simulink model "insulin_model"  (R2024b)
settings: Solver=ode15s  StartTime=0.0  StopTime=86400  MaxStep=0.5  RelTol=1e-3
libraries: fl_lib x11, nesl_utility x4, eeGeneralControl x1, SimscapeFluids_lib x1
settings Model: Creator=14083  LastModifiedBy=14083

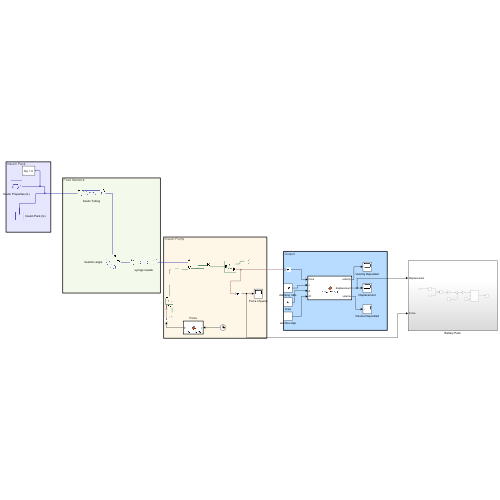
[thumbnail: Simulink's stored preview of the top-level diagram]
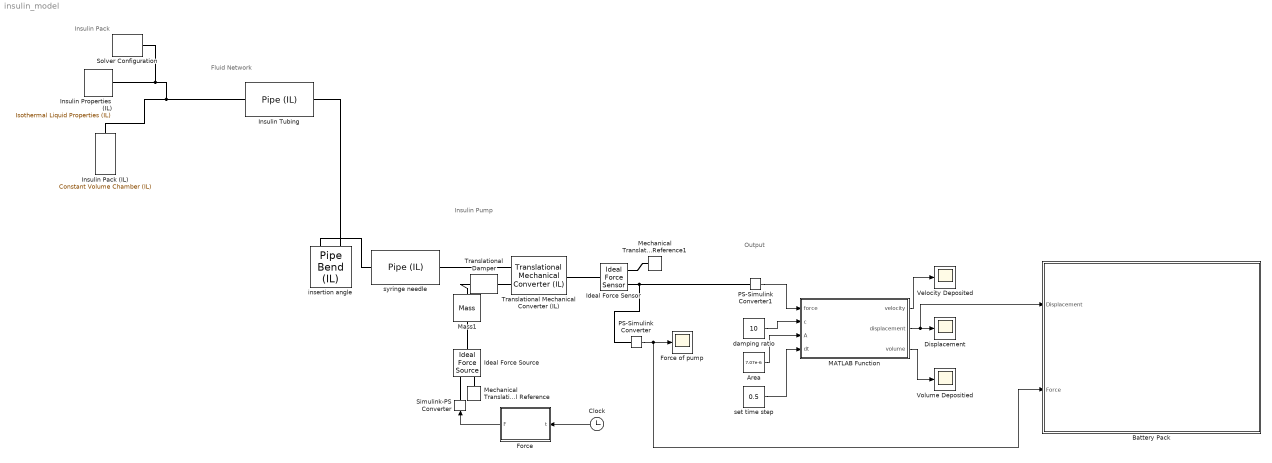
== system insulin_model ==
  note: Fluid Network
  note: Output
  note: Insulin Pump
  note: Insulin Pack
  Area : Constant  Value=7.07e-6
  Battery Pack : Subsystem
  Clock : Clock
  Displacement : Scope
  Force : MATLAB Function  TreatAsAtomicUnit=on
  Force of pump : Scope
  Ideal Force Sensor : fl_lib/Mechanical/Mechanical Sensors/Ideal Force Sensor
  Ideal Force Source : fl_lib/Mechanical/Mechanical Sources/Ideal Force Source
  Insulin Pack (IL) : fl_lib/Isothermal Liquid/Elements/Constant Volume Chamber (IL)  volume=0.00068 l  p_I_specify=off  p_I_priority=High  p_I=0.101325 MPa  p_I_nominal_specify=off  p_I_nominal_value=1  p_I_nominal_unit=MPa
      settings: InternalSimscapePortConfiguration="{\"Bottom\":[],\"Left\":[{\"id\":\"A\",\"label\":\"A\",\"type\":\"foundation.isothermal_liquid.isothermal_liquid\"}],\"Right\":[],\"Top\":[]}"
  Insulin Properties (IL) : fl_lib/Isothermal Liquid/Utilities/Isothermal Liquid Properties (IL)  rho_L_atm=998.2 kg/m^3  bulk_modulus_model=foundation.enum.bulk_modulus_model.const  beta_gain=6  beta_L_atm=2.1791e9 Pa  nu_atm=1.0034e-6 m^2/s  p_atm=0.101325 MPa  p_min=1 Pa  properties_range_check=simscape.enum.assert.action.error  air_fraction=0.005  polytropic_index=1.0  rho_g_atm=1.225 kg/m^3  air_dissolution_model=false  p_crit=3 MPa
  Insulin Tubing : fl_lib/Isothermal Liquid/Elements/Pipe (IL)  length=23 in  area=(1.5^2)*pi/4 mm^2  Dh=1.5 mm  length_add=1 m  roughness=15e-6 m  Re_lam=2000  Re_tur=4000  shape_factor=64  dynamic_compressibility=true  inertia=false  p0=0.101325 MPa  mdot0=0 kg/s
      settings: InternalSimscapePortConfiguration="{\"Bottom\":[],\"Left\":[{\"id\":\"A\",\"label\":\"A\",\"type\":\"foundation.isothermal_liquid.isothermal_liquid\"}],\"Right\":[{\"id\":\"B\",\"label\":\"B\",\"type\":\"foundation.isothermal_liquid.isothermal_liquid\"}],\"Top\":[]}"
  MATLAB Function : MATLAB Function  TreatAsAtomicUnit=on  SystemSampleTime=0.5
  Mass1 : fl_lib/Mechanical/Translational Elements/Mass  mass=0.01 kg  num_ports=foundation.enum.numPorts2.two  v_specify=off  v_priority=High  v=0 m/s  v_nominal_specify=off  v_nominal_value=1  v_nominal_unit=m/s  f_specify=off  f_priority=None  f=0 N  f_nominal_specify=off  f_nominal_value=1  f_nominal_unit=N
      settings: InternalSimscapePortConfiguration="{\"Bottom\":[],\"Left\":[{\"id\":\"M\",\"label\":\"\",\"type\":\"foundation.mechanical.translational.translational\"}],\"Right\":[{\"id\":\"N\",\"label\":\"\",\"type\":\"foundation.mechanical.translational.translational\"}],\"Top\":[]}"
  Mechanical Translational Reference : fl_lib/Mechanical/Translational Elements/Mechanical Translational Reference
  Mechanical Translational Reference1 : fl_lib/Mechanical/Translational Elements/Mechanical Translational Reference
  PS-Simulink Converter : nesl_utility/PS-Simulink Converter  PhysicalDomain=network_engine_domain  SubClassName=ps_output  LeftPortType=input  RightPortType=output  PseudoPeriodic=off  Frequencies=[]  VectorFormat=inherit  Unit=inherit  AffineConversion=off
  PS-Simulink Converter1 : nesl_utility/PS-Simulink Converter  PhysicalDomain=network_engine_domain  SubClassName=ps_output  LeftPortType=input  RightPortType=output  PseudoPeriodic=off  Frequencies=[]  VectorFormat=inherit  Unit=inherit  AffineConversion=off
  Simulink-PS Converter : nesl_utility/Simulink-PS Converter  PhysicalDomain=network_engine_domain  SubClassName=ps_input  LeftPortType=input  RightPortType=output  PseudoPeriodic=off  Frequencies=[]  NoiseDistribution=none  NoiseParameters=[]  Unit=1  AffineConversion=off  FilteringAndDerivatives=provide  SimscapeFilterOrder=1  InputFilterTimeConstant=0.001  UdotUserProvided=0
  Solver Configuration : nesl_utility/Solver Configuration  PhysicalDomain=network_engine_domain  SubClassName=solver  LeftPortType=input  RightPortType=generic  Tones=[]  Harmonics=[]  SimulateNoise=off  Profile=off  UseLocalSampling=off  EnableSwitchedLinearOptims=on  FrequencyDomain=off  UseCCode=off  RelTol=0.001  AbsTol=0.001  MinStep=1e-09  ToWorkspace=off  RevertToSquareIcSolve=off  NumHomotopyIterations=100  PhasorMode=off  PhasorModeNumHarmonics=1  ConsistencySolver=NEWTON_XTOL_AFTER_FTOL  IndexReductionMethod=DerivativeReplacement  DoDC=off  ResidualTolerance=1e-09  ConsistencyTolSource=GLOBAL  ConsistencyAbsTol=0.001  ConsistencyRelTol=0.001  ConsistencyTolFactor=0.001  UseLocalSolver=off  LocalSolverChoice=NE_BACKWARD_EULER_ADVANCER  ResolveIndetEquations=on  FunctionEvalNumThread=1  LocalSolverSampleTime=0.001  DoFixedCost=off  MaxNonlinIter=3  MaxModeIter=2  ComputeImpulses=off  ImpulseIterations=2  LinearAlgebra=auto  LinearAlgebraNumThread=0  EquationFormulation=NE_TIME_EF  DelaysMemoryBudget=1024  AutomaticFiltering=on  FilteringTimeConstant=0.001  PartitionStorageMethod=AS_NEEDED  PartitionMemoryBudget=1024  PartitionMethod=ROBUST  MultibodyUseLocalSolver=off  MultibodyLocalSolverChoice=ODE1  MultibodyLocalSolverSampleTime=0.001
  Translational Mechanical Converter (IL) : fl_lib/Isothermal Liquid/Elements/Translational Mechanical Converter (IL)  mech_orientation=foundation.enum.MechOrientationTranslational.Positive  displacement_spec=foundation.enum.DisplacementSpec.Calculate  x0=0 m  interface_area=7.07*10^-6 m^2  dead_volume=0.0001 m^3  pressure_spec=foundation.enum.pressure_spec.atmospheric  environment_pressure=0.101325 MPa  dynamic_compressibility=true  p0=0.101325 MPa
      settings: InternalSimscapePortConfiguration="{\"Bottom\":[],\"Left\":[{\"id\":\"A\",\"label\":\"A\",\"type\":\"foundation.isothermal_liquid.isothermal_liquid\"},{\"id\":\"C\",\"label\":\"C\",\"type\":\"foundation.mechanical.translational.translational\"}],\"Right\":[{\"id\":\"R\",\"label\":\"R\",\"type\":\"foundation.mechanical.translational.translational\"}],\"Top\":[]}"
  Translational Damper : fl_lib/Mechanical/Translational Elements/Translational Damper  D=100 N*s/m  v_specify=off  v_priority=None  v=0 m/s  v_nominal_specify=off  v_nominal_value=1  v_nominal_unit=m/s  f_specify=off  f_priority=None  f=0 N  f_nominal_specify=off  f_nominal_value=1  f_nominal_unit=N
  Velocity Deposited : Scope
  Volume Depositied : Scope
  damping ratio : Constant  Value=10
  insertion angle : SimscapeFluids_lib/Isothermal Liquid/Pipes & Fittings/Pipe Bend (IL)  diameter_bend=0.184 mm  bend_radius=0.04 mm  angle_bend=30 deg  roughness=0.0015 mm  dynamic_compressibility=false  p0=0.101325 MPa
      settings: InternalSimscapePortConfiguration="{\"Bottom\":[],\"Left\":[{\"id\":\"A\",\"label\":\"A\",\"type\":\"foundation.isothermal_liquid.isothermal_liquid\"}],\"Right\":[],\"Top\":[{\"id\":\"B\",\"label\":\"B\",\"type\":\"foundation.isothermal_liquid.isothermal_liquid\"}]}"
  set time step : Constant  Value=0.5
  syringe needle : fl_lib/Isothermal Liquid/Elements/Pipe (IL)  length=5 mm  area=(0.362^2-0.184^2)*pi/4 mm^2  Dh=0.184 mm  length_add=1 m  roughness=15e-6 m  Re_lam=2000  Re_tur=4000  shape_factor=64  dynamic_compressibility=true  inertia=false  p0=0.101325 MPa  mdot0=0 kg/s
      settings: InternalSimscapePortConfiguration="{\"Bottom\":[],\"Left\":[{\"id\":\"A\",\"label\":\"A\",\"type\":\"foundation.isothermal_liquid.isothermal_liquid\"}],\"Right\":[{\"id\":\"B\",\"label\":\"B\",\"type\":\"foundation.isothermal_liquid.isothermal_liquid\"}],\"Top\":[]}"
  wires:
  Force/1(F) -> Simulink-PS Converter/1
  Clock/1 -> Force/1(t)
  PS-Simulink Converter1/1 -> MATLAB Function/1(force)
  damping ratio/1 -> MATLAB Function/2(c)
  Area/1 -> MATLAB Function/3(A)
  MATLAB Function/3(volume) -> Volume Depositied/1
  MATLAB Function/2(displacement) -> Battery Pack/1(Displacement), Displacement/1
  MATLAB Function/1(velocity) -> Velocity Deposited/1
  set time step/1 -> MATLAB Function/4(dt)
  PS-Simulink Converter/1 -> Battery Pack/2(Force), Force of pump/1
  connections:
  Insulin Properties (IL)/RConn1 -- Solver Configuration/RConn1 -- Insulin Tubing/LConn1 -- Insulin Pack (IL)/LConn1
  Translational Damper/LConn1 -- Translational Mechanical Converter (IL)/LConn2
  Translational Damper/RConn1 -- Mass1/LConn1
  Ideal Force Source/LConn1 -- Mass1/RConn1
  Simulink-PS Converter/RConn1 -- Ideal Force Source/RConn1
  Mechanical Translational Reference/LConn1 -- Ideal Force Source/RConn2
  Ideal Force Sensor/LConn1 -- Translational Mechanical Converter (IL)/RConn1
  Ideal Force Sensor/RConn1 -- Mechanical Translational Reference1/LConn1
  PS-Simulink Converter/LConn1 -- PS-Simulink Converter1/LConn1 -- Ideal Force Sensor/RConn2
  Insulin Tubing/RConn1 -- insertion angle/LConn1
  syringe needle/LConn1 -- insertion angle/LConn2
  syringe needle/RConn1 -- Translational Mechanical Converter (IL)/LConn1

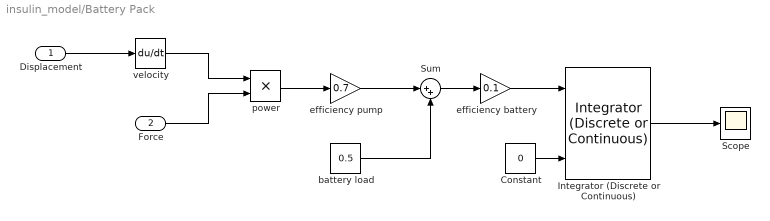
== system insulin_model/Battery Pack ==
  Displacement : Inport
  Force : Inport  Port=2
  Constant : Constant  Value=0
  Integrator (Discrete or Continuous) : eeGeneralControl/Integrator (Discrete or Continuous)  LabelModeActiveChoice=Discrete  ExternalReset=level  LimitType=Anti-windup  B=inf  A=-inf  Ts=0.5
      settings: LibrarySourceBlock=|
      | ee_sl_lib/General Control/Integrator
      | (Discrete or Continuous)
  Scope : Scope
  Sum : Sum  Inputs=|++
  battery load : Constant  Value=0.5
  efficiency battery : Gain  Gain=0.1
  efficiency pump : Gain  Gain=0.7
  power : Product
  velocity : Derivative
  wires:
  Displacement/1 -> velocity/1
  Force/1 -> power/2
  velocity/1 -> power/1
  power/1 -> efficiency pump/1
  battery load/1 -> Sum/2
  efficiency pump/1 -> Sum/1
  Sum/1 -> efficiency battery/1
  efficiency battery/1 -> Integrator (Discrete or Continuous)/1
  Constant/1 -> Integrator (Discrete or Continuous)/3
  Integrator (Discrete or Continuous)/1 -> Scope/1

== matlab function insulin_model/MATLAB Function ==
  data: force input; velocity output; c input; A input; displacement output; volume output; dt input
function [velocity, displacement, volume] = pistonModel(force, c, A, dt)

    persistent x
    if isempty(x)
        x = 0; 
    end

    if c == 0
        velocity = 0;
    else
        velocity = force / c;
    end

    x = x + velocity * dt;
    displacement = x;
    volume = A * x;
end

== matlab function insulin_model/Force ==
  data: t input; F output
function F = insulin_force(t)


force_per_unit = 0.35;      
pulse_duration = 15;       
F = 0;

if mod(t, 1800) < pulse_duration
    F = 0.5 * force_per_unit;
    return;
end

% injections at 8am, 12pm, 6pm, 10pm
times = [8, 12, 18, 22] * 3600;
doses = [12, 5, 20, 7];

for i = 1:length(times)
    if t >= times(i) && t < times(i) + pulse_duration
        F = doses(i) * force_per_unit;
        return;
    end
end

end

# TRY IT
Taking the entries above, restate exactly those lines that fall between the line with "Velocity Deposited : Scope" and the line with "insertion angle : SimscapeFluids_lib/Isothermal", keeping both of those lines too.

# WRITTEN RESPONSE
  Velocity Deposited : Scope
  Volume Depositied : Scope
  damping ratio : Constant  Value=10
  insertion angle : SimscapeFluids_lib/Isothermal Liquid/Pipes & Fittings/Pipe Bend (IL)  diameter_bend=0.184 mm  bend_radius=0.04 mm  angle_bend=30 deg  roughness=0.0015 mm  dynamic_compressibility=false  p0=0.101325 MPa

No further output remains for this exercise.